WORK INSTRUCTIONS ▸
Print nothing but the lines from the start of the listing below through the line that contains "doc.units = ezdxf.units.MM". Do not include the pictures.

════════════════════

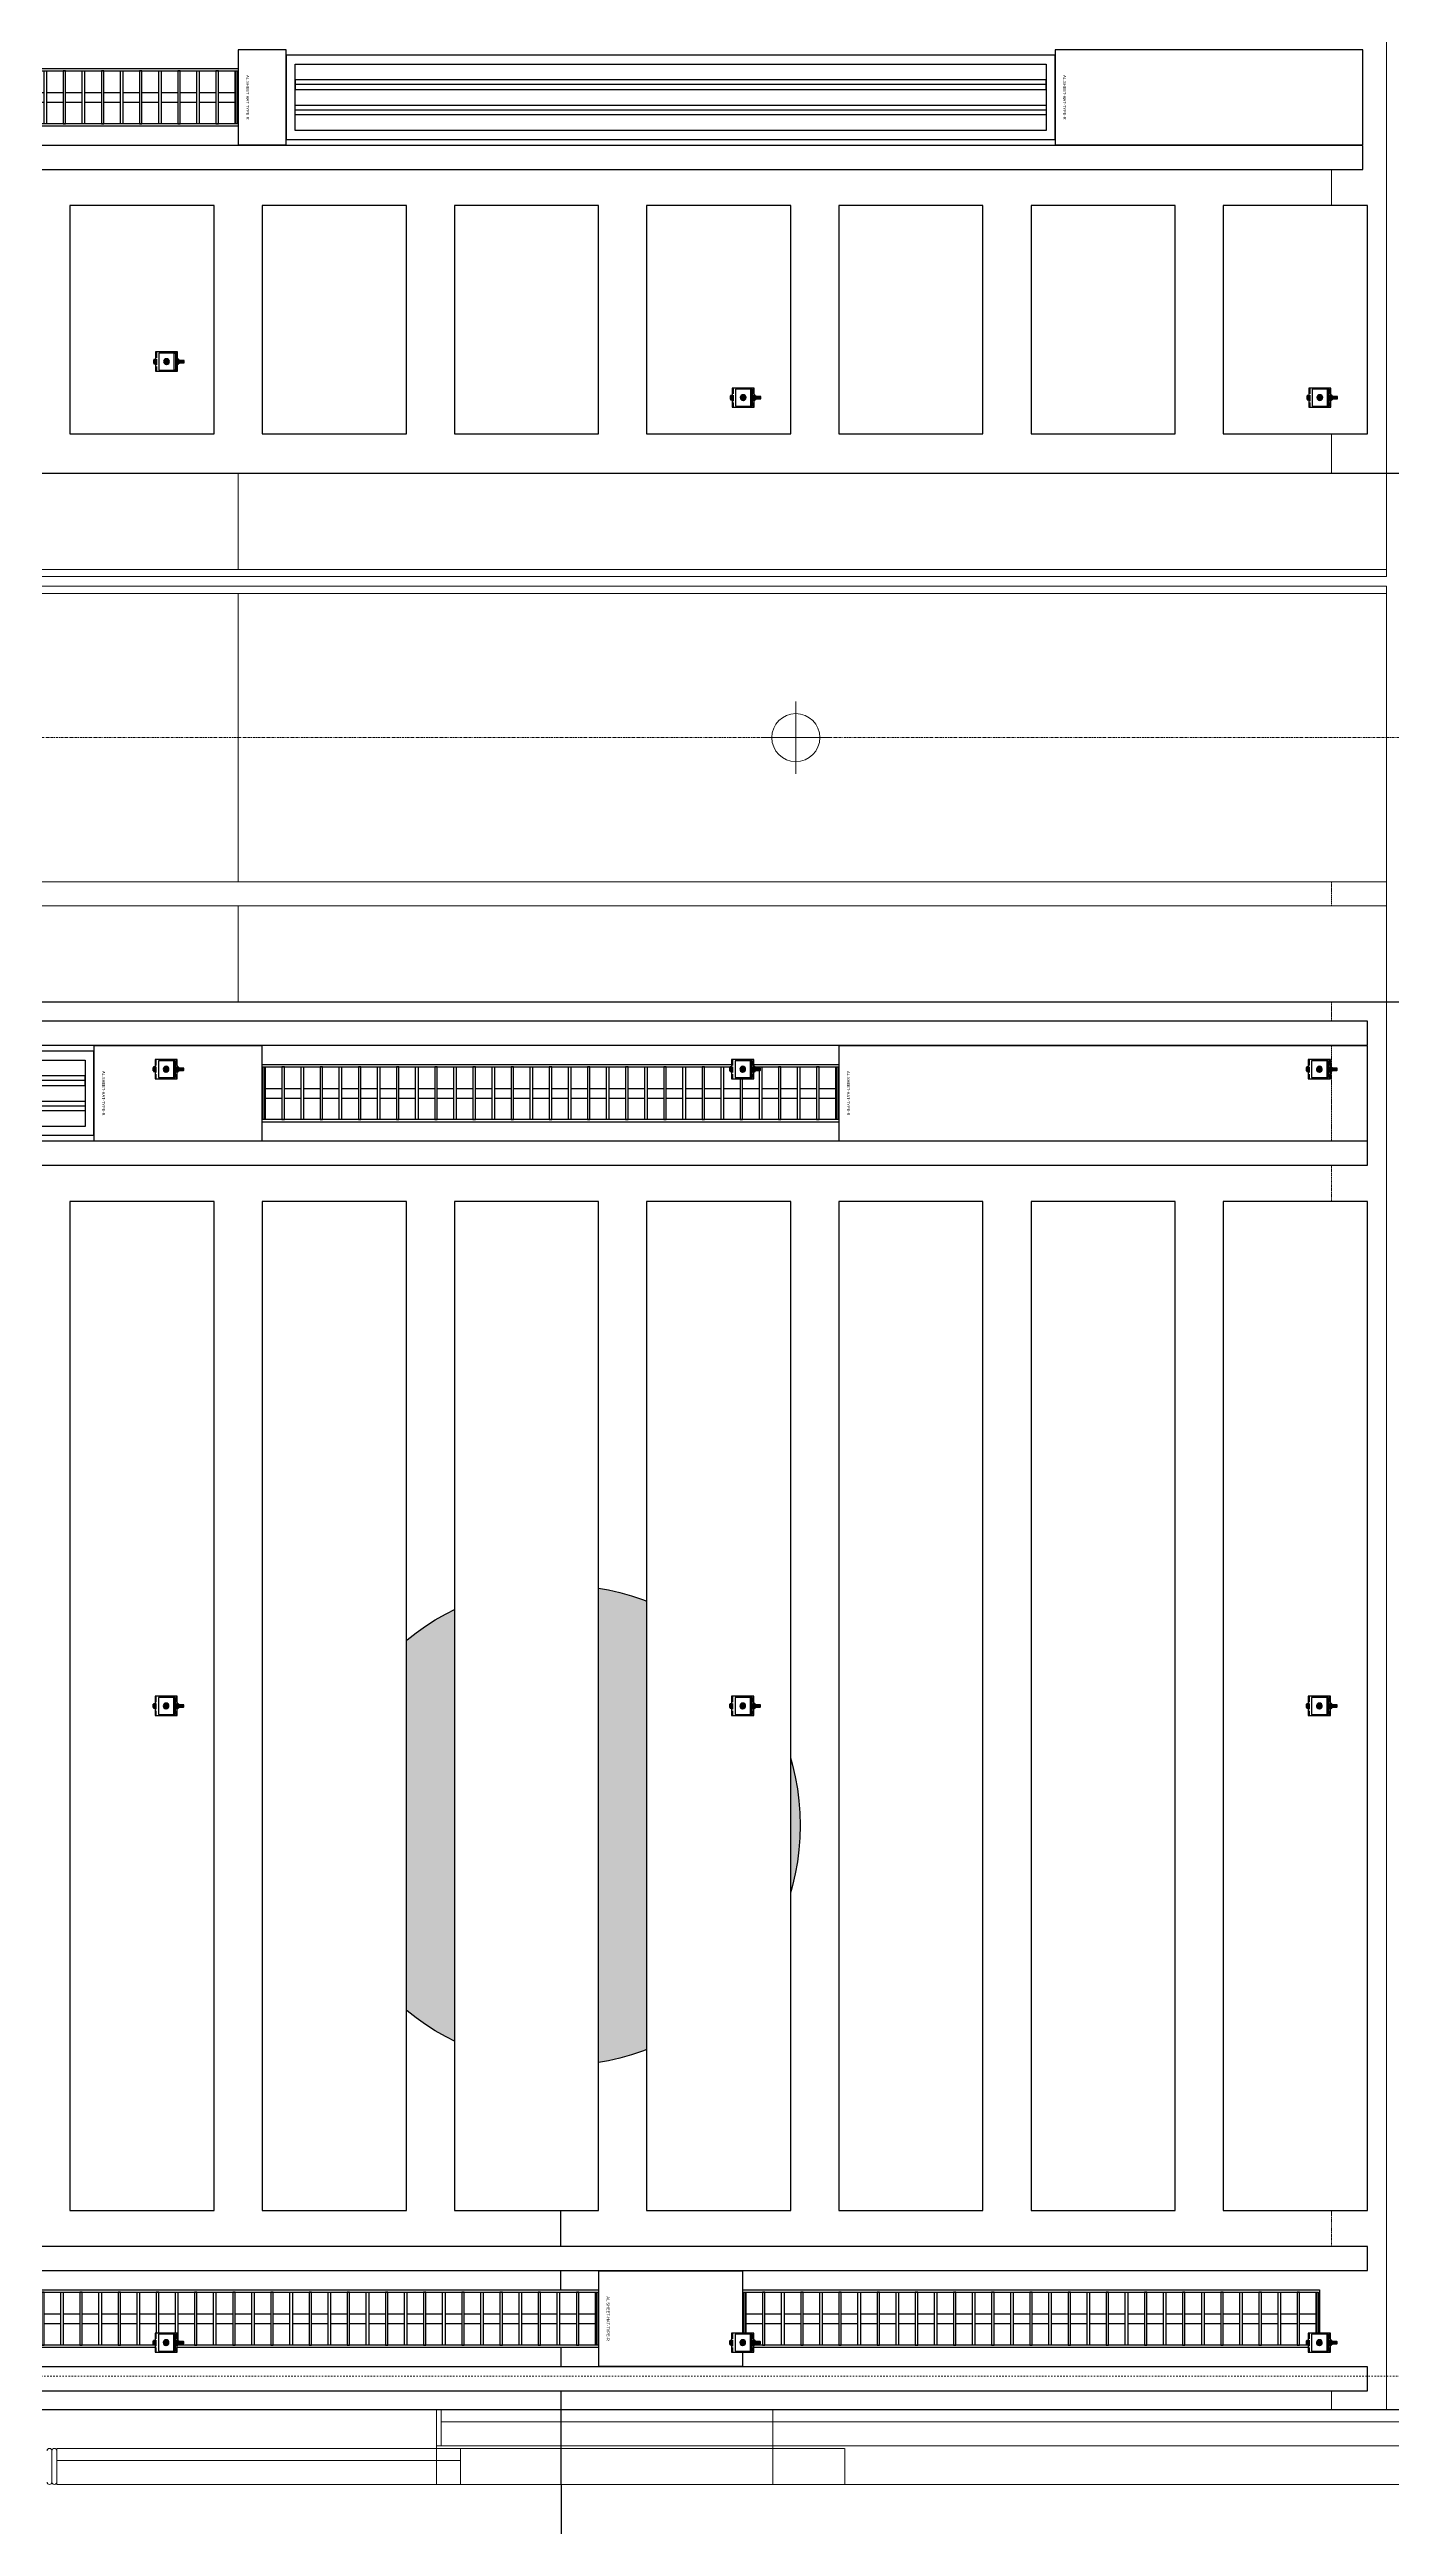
# Model space of a CAD drawing. Header units: millimetres. Extents: x -962357 to -591296, y -195428 to 59420.
# Drawn here: x -787373 to -784580, y -143 to 5012 of the extents above; entities that cross this region are included whole.
import ezdxf
from ezdxf.enums import TextEntityAlignment as Align

# ---------------------------------------------------------------- set-up
doc = ezdxf.new("R2010")
doc.units = ezdxf.units.MM
for name, pattern in [('ACAD_ISO02W100', [15, 12, -3]), ('DASH', [6.35, 3.175, -3.175]), ('DPA_Boundary Line 500', [3.75, 0, -0.75, 1.5, -0.75, 0, -0.75]), ('DPA_Grid _ Level 100', [10, 5.5, -1.6, 1.3, -1.6]), ('DPA_Hidden 500', [1.4, 0.8, -0.6])]:
    doc.linetypes.add(name, pattern=pattern)
for name, color, linetype in [('000 - CSD_PL_001 - ASCESSORIES', 251, 'Continuous'), ('000 - H A T C H', 8, 'Continuous'), ('000 - WIPEOUT', 250, 'Continuous'), ('001 - ASCESSORIES', 251, 'Continuous'), ('008 - LIGHTING', 1, 'Continuous'), ('A04_TUBE SERIES', 2, 'Continuous'), ('A11_ALU.SOLID SHEET', 2, 'Continuous')]:
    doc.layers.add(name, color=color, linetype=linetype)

════════════════════

TASK ANSWER ▸
# Model space of a CAD drawing. Header units: millimetres. Extents: x -962357 to -591296, y -195428 to 59420.
# Drawn here: x -787373 to -784580, y -143 to 5012 of the extents above; entities that cross this region are included whole.
import ezdxf
from ezdxf.enums import TextEntityAlignment as Align

# ---------------------------------------------------------------- set-up
doc = ezdxf.new("R2010")
doc.units = ezdxf.units.MM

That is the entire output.